▶ [Description of the task]:
Count the lines in the records below that contain the word "PLANT", and give only that count.

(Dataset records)
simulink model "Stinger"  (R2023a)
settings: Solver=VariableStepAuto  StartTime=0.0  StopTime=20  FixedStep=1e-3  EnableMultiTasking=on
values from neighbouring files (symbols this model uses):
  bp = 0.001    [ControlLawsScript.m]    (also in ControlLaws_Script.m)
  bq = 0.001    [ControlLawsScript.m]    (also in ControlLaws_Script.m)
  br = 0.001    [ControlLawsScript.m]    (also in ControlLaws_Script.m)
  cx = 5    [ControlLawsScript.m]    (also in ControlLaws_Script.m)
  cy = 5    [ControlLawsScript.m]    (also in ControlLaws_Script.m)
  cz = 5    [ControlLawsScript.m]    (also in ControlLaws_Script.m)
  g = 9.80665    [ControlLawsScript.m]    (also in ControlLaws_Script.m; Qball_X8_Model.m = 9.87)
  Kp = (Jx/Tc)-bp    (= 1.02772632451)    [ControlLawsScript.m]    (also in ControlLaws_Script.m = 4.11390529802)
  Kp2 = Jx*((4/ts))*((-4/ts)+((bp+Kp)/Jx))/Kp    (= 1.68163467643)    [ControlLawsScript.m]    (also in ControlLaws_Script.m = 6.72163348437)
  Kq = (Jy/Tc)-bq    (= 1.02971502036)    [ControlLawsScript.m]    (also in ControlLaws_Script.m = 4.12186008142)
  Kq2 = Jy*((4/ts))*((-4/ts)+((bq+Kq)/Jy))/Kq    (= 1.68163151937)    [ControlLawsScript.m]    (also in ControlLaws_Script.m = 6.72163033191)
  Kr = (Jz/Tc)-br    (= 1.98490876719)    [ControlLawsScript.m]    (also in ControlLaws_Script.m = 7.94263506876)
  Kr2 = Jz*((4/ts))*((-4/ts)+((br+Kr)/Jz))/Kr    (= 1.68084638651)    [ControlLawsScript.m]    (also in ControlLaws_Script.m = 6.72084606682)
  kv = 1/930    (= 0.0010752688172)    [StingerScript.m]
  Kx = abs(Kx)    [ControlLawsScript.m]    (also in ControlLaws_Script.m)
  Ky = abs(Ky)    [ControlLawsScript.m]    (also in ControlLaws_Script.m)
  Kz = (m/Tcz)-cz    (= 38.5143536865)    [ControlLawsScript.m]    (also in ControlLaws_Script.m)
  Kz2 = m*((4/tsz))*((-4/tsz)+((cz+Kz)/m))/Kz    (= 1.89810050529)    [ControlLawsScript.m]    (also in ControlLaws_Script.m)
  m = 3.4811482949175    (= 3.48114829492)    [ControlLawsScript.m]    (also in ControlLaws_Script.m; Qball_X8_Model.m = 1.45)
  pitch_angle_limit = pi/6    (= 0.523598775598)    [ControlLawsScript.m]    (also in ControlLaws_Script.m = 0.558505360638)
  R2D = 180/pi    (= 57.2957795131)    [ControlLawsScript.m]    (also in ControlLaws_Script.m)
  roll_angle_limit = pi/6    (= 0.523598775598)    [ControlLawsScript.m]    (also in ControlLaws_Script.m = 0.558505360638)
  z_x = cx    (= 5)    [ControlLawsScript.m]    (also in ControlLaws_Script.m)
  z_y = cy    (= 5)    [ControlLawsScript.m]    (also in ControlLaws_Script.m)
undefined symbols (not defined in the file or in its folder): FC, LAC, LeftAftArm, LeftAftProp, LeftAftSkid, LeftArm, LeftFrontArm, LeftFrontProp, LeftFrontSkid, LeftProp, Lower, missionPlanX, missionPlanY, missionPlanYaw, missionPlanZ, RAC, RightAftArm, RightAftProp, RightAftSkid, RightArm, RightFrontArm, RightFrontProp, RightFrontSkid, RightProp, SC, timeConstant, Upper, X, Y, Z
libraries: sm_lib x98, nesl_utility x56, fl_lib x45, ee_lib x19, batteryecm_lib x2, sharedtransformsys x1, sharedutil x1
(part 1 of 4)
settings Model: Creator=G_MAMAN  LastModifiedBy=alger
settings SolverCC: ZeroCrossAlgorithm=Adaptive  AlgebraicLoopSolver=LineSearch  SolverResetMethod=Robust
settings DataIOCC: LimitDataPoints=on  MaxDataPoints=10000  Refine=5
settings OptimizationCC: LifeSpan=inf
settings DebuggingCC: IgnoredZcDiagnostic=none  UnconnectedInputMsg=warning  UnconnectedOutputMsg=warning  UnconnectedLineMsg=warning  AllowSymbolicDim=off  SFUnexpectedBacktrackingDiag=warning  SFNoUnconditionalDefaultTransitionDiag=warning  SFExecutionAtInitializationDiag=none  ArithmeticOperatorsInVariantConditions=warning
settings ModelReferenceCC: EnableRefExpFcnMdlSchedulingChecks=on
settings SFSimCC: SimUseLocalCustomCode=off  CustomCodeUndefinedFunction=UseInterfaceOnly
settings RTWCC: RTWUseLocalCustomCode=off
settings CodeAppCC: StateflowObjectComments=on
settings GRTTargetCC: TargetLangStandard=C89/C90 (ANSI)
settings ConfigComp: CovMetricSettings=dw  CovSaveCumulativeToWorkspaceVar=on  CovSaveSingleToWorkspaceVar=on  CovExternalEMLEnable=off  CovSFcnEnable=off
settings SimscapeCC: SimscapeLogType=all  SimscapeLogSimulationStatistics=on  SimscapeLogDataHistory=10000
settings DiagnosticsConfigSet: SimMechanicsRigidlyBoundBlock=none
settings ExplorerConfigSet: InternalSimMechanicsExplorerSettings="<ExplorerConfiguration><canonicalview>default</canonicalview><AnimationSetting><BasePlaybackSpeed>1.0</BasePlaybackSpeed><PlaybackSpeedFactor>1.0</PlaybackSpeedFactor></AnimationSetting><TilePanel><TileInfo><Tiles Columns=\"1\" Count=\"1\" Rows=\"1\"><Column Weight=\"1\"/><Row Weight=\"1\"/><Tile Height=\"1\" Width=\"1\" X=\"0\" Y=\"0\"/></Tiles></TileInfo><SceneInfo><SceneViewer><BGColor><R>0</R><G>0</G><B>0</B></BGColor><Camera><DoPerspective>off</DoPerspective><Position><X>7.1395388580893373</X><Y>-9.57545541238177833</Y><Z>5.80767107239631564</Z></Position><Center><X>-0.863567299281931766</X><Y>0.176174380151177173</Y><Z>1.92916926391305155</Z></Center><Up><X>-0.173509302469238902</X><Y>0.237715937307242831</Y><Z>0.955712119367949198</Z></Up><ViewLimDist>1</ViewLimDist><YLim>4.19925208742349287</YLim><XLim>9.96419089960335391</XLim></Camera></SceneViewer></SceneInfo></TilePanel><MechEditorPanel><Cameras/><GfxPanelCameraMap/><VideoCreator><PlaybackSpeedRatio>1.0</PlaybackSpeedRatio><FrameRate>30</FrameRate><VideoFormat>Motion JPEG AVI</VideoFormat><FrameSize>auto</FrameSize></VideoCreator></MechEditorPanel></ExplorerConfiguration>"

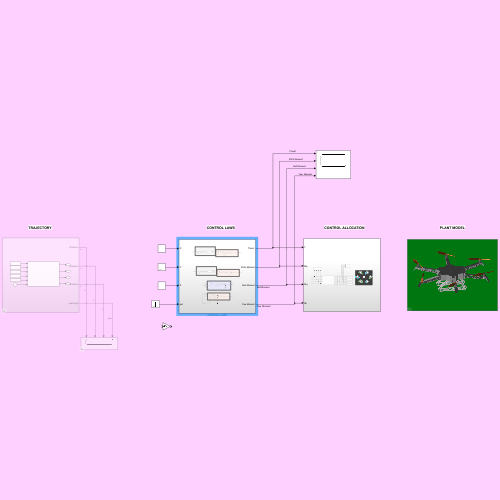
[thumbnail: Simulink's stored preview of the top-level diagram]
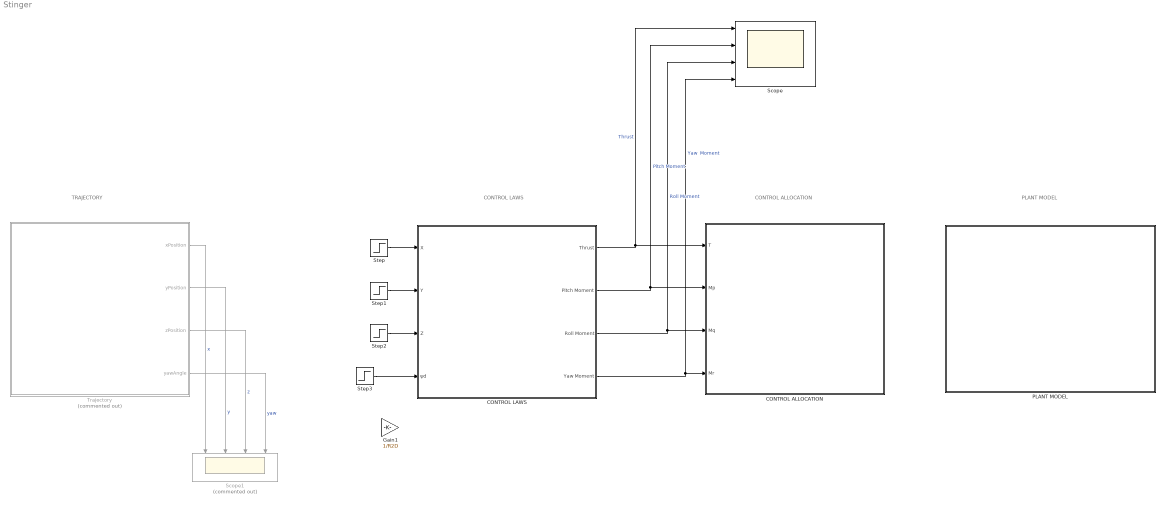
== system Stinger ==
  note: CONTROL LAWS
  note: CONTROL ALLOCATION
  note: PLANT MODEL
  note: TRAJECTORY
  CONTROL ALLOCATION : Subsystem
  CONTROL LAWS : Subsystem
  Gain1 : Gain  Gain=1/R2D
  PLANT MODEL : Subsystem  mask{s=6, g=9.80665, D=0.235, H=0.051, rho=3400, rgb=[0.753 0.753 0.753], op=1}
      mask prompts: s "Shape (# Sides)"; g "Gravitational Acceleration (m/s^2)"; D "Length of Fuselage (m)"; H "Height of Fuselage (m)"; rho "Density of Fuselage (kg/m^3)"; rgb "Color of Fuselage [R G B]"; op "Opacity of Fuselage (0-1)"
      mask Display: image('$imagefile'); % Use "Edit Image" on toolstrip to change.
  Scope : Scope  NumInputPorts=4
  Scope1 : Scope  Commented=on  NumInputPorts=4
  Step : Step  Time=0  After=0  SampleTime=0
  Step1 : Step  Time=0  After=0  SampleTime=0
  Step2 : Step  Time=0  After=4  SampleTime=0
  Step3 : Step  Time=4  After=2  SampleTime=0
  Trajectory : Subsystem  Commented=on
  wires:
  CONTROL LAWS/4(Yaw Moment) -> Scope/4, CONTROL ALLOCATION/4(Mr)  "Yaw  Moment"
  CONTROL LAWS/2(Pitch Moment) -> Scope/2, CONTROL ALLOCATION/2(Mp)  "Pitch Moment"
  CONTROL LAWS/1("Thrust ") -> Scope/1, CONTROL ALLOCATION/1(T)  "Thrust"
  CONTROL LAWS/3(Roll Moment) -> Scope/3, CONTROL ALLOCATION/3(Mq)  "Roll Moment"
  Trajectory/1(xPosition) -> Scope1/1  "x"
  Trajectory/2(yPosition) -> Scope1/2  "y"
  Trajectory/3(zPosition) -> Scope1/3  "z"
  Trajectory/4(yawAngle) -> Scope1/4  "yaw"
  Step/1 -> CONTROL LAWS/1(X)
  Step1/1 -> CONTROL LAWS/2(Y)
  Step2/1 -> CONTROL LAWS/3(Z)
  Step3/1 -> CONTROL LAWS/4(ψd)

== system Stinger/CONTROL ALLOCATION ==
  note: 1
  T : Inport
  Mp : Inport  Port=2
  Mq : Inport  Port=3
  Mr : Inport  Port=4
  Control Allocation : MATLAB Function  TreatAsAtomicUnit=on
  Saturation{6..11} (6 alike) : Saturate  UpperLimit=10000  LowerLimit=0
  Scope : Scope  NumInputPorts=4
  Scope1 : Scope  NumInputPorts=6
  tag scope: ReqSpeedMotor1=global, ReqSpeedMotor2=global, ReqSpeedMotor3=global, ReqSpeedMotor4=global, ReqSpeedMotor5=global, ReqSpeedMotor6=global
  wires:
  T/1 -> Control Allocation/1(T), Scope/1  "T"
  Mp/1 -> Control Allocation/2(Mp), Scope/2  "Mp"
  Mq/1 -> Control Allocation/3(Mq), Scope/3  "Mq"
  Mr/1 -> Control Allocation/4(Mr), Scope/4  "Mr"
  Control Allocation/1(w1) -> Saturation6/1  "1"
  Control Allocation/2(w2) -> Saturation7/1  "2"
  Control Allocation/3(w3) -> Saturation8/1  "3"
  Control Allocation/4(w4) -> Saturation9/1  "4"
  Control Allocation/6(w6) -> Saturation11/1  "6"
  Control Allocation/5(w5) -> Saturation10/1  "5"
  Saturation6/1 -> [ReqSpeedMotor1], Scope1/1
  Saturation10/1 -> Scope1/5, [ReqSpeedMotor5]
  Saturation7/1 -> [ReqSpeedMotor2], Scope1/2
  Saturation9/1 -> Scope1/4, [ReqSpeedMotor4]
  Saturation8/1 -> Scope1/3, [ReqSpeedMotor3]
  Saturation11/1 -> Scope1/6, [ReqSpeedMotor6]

▶ [Solution for this problem]:
2